:: Stored data ::
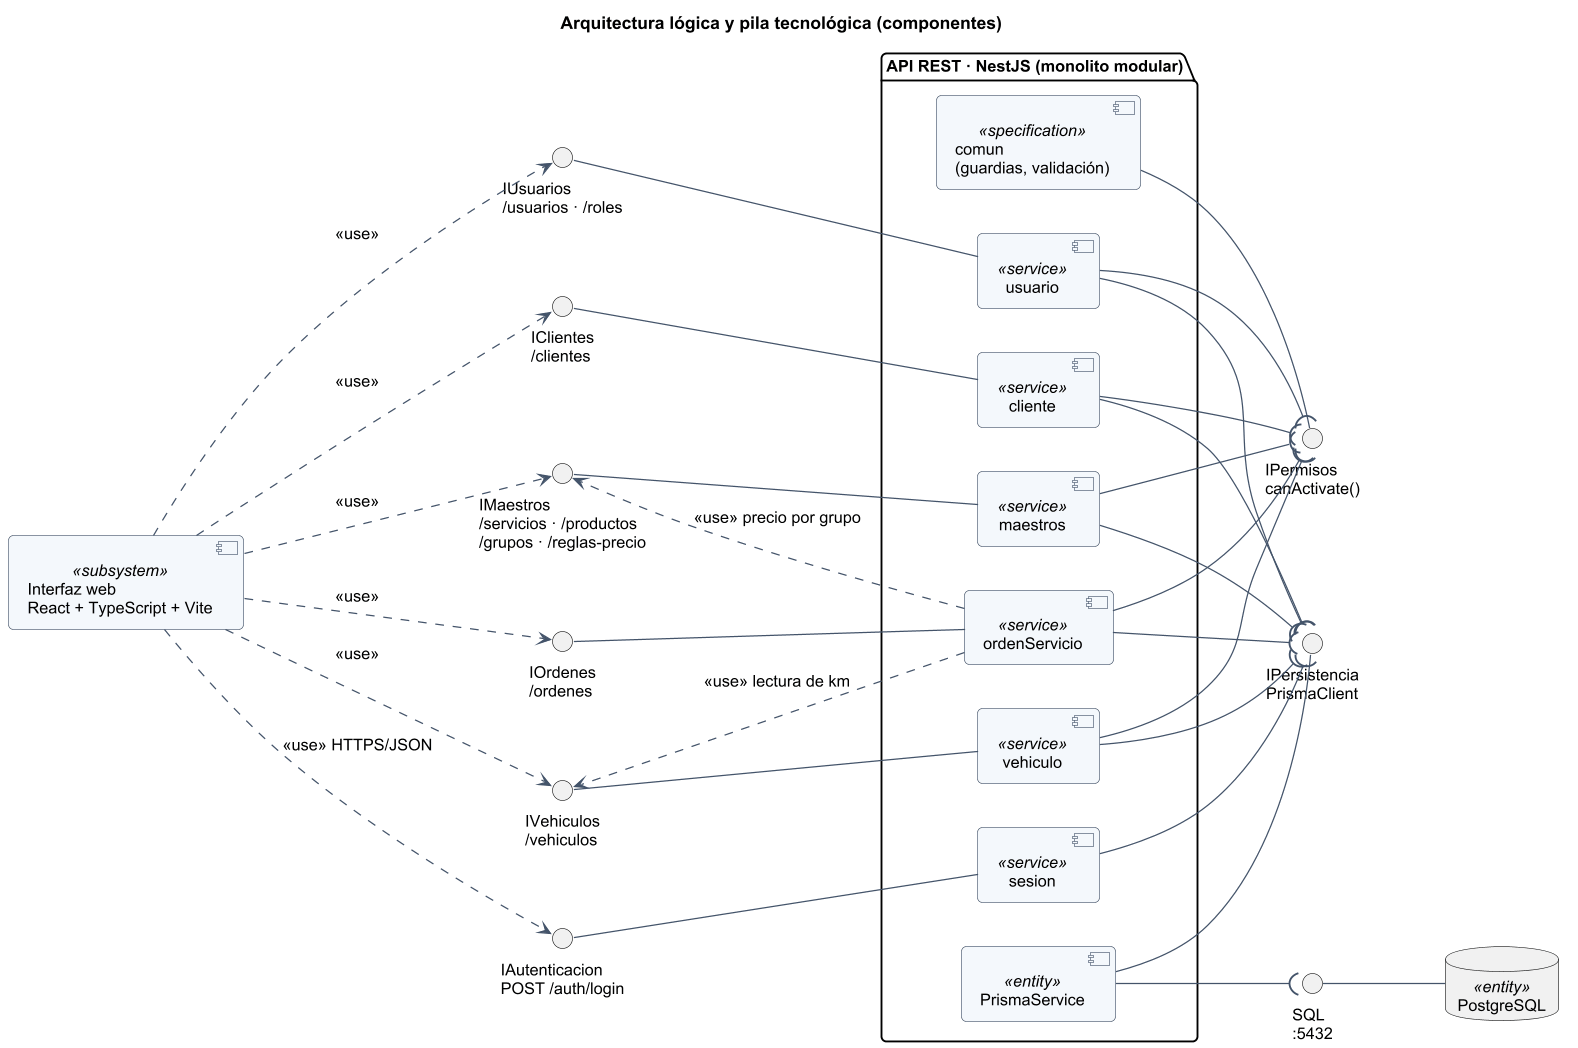

The diagram above was rendered by PlantUML. Its source (embedded in the PNG):
@startuml
!include _estilo.iuml
title Arquitectura lógica y pila tecnológica (componentes)
left to right direction
component "Interfaz web\nReact + TypeScript + Vite" <<subsystem>> as WEB
package "API REST · NestJS (monolito modular)" {
  component "sesion" <<service>> as SES
  component "usuario" <<service>> as USU
  component "cliente" <<service>> as CLI
  component "vehiculo" <<service>> as VEH
  component "ordenServicio" <<service>> as ODS
  component "maestros" <<service>> as MAE
  component "comun\n(guardias, validación)" <<specification>> as COM
  component "PrismaService" <<entity>> as PRI
}
database "PostgreSQL" <<entity>> as DB
interface "IAutenticacion\nPOST /auth/login" as I1
interface "IUsuarios\n/usuarios · /roles" as I2
interface "IClientes\n/clientes" as I3
interface "IVehiculos\n/vehiculos" as I4
interface "IOrdenes\n/ordenes" as I5
interface "IMaestros\n/servicios · /productos\n/grupos · /reglas-precio" as I6
interface "IPermisos\ncanActivate()" as I7
interface "IPersistencia\nPrismaClient" as I8
interface "SQL\n:5432" as I9
SES -up- I1
USU -up- I2
CLI -up- I3
VEH -up- I4
ODS -up- I5
MAE -up- I6
COM -up- I7
PRI -up- I8
DB -up- I9
WEB ..> I1 : <<use>> HTTPS/JSON
WEB ..> I2 : <<use>>
WEB ..> I3 : <<use>>
WEB ..> I4 : <<use>>
WEB ..> I5 : <<use>>
WEB ..> I6 : <<use>>
USU --( I7
CLI --( I7
VEH --( I7
ODS --( I7
MAE --( I7
SES --( I8
USU --( I8
CLI --( I8
VEH --( I8
ODS --( I8
MAE --( I8
ODS ..> I6 : <<use>> precio por grupo
ODS ..> I4 : <<use>> lectura de km
PRI --( I9
@enduml
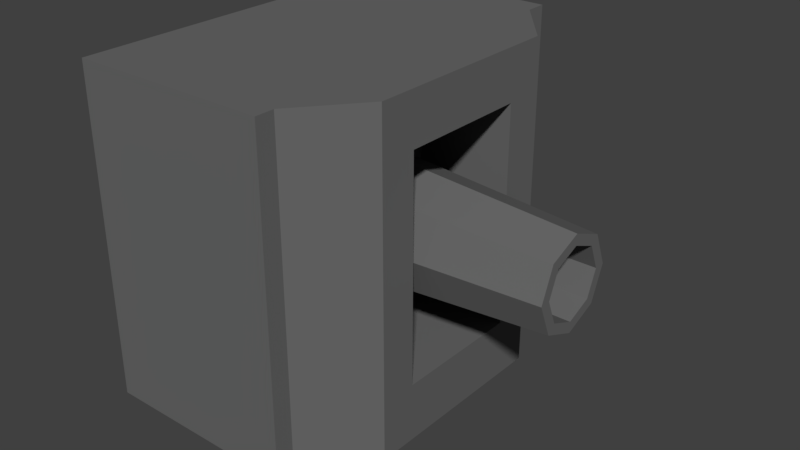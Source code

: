 # Source: turret.blend  (saved by Blender 2.77.0; exported with 4.5.12 LTS)
import bpy
from mathutils import Matrix  # noqa: F401  (used for matrix-valued properties, if any)

bpy.ops.wm.read_factory_settings(use_empty=True)
scene = bpy.context.scene
scene.name = 'Scene'

# ---- collections
col_collection_1 = bpy.data.collections.new('Collection 1'); scene.collection.children.link(col_collection_1)

# ---- materials (node trees are filled in below, after node groups)
mat_material = bpy.data.materials.new('Material')
mat_material.alpha_threshold = 0.0
mat_material.use_transparent_shadow = False
mat_material.diffuse_color = (0.1424, 0.1424, 0.1424, 1.0)
mat_material.roughness = 0.5
mat_material.line_color = (0.0, 0.0, 0.0, 1.0)
mat_material_001 = bpy.data.materials.new('Material.001')
mat_material_001.alpha_threshold = 0.0
mat_material_001.use_transparent_shadow = False
mat_material_001.diffuse_color = (0.04955, 0.04955, 0.04955, 1.0)
mat_material_001.roughness = 0.5

# ---- material node trees

# ---- world
world_world = bpy.data.worlds.new('World'); scene.world = world_world
world_world.color = (0.05088, 0.05088, 0.05088)
world_world.use_sun_shadow = False
world_world.sun_shadow_jitter_overblur = 0.0
world_world.cycles.sampling_method = 'MANUAL'

# ---- meshes
me_cube_001 = bpy.data.meshes.new('Cube.001')
me_cube_001.from_pydata([(0.8402, 0.1581, 0.000764), (1.013e-06, 0.2167, 0.001317), (0.8403, 0.1137, 0.1079), (9.868e-05, 0.1551, 0.1499), (0.8403, 0.006602, 0.1522), (0.0001391, 0.006602, 0.2114), (0.8403, -0.1005, 0.1079), (9.868e-05, -0.1419, 0.1499), (0.8402, -0.1449, 0.000764), (1.013e-06, -0.2035, 0.001316), (0.8402, -0.1005, -0.1063), (-9.665e-05, -0.1419, -0.1472), (0.8401, 0.006602, -0.1507), (-0.0001371, 0.006602, -0.2087), (0.8402, 0.1137, -0.1063), (-9.665e-05, 0.1551, -0.1472), (0.8402, 0.1224, 0.000764), (0.8403, 0.0885, 0.08266), (0.8403, 0.006602, 0.1166), (0.8403, -0.07529, 0.08266), (0.8402, -0.1092, 0.000764), (0.8402, -0.07529, -0.08113), (0.8402, 0.006602, -0.1151), (0.8402, 0.0885, -0.08113), (0.4121, 0.1224, 0.001045), (0.4122, 0.0885, 0.08294), (0.4122, 0.006602, 0.1169), (0.4122, -0.07529, 0.08294), (0.4121, -0.1092, 0.001045), (0.4121, -0.07529, -0.08085), (0.412, 0.006602, -0.1148), (0.4121, 0.0885, -0.08085)], [], [(0, 1, 3, 2), (2, 3, 5, 4), (4, 5, 7, 6), (6, 7, 9, 8), (8, 9, 11, 10), (10, 11, 13, 12), (3, 1, 15, 13, 11, 9, 7, 5), (12, 13, 15, 14), (14, 15, 1, 0), (8, 10, 21, 20), (16, 17, 25, 24), (14, 0, 16, 23), (0, 2, 17, 16), (4, 6, 19, 18), (10, 12, 22, 21), (6, 8, 20, 19), (12, 14, 23, 22), (2, 4, 18, 17), (24, 25, 26, 27, 28, 29, 30, 31), (23, 16, 24, 31), (21, 22, 30, 29), (19, 20, 28, 27), (17, 18, 26, 25), (22, 23, 31, 30), (20, 21, 29, 28), (18, 19, 27, 26)])
me_cube_001.materials.append(mat_material)
me_cube_001.materials.append(mat_material_001)
me_cube_001.use_remesh_preserve_volume = False
me_cube_001.use_remesh_preserve_attributes = False
me_cube_001.use_mirror_vertex_groups = False
me_cube_001.update()
me_cube = bpy.data.meshes.new('Cube')
me_cube.from_pydata([(0.09539, 0.6206, 0.008038), (0.09539, -0.5935, 0.008038), (-0.5707, -0.5935, 0.008038), (-0.5707, 0.6206, 0.008038), (0.09539, 0.6206, 1.097), (0.09539, -0.5935, 1.097), (-0.5707, -0.5935, 1.097), (-0.5707, 0.6206, 1.097), (0.09539, 0.5501, 0.008038), (0.09539, -0.531, 0.008038), (-0.5707, -0.531, 0.008038), (-0.5707, 0.5501, 0.008038), (0.09539, 0.5501, 1.097), (0.09539, -0.531, 1.097), (-0.5707, -0.531, 1.097), (-0.5707, 0.5501, 1.097), (0.2594, 0.3467, 0.008038), (0.2594, -0.3294, 0.008038), (-0.5707, -0.3294, 0.008038), (-0.5707, 0.3467, 0.008038), (0.2594, 0.3467, 1.097), (0.2594, -0.3294, 1.097), (-0.5707, -0.3294, 1.097), (-0.5707, 0.3467, 1.097), (0.2594, 0.2284, 0.008038), (0.2594, -0.2057, 0.008038), (0.2594, 0.2284, 1.097), (0.2594, -0.2057, 1.097), (0.2594, 0.3467, 0.9298), (0.2594, 0.3467, 0.2005), (0.2594, -0.3294, 0.9298), (0.2594, -0.3294, 0.2005), (0.2594, 0.2284, 0.2005), (0.2594, -0.2057, 0.2005), (0.2594, 0.2284, 0.9298), (0.2594, -0.2057, 0.9298), (-0.06294, 0.2284, 0.2005), (-0.06294, -0.2057, 0.2005), (-0.06294, 0.2284, 0.9298), (-0.06294, -0.2057, 0.9298)], [], [(9, 1, 2, 10), (13, 14, 6, 5), (9, 13, 5, 1), (1, 5, 6, 2), (11, 15, 7, 3), (4, 0, 3, 7), (2, 6, 14, 10), (19, 23, 15, 11), (0, 4, 12, 8), (17, 31, 30, 21, 13, 9), (4, 7, 15, 12), (21, 22, 14, 13), (0, 8, 11, 3), (17, 9, 10, 18), (8, 16, 19, 11), (16, 24, 25, 17, 18, 19), (12, 15, 23, 20), (20, 23, 22, 21, 27, 26), (8, 12, 20, 28, 29, 16), (35, 27, 21, 30), (10, 14, 22, 18), (18, 22, 23, 19), (25, 33, 31, 17), (33, 35, 30, 31), (16, 29, 32, 24), (24, 32, 33, 25), (29, 28, 34, 32), (35, 33, 37, 39), (28, 20, 26, 34), (34, 26, 27, 35), (36, 38, 39, 37), (34, 35, 39, 38), (32, 34, 38, 36), (33, 32, 36, 37)])
me_cube.materials.append(mat_material)
me_cube.use_remesh_preserve_volume = False
me_cube.use_remesh_preserve_attributes = False
me_cube.use_mirror_vertex_groups = False
me_cube.update()

# ---- objects
ob_cube_001 = bpy.data.objects.new('Cube.001', me_cube_001)
ob_cube = bpy.data.objects.new('Cube', me_cube)

# ---- transforms, parenting, visibility, modifiers, constraints
ob_cube_001.location = (-0.2083, -0.0007975, 0.5757)
ob_cube_001.lock_rotations_4d = False
ob_cube_001.empty_display_type = 'ARROWS'
ob_cube_001.lineart.crease_threshold = 0.0
ob_cube.location = (0.0, 0.0, 0.0)
ob_cube.lock_rotations_4d = False
ob_cube.empty_display_type = 'ARROWS'
ob_cube.lineart.crease_threshold = 0.0

# ---- collection membership
col_collection_1.objects.link(ob_cube_001)
col_collection_1.objects.link(ob_cube)

# ---- scene / render settings (as saved in the file)
scene.frame_start = 1; scene.frame_end = 250; scene.frame_set(1)
scene.render.engine = 'BLENDER_EEVEE_NEXT'
scene.render.resolution_percentage = 50
scene.render.dither_intensity = 0.0
scene.cycles.use_denoising = False
scene.cycles.samples = 128
scene.cycles.sampling_pattern = 'TABULATED_SOBOL'
scene.cycles.light_sampling_threshold = 0.0
scene.cycles.use_adaptive_sampling = False
scene.cycles.use_light_tree = False
scene.cycles.blur_glossy = 0.0
scene.cycles.sample_clamp_indirect = 0.0
scene.view_settings.view_transform = 'Standard'
bpy.context.view_layer.update()

# ---- added for rendering (the .blend has no active camera and no usable light): camera, sun
cam_auto = bpy.data.cameras.new('AutoCamera')
cam_auto.lens = 50.0
cam_auto.sensor_width = 36.0
cam_auto.clip_end = 1000.0
ob_auto_camera = bpy.data.objects.new('AutoCamera', cam_auto)
scene.collection.objects.link(ob_auto_camera)
ob_auto_camera.location = (1.90574, -2.23659, 2.05276)
ob_auto_camera.rotation_euler = (1.09748, -7.21219e-08, 0.694738)
scene.camera = ob_auto_camera
light_auto_sun = bpy.data.lights.new('AutoSun', 'SUN')
light_auto_sun.energy = 3.0
light_auto_sun.angle = 0.0523599
ob_auto_sun = bpy.data.objects.new('AutoSun', light_auto_sun)
scene.collection.objects.link(ob_auto_sun)
ob_auto_sun.rotation_euler = (0.872665, 0.174533, 0.523599)
bpy.context.view_layer.update()

:: Assigned task ::
Please print, exactly as given, the lines running from the beginning of the listing through the line containing "<<service>> as USU", omitting each picture.

:: Response to the exercise ::
The diagram above was rendered by PlantUML. Its source (embedded in the PNG):
@startuml
!include _estilo.iuml
title Arquitectura lógica y pila tecnológica (componentes)
left to right direction
component "Interfaz web\nReact + TypeScript + Vite" <<subsystem>> as WEB
package "API REST · NestJS (monolito modular)" {
  component "sesion" <<service>> as SES
  component "usuario" <<service>> as USU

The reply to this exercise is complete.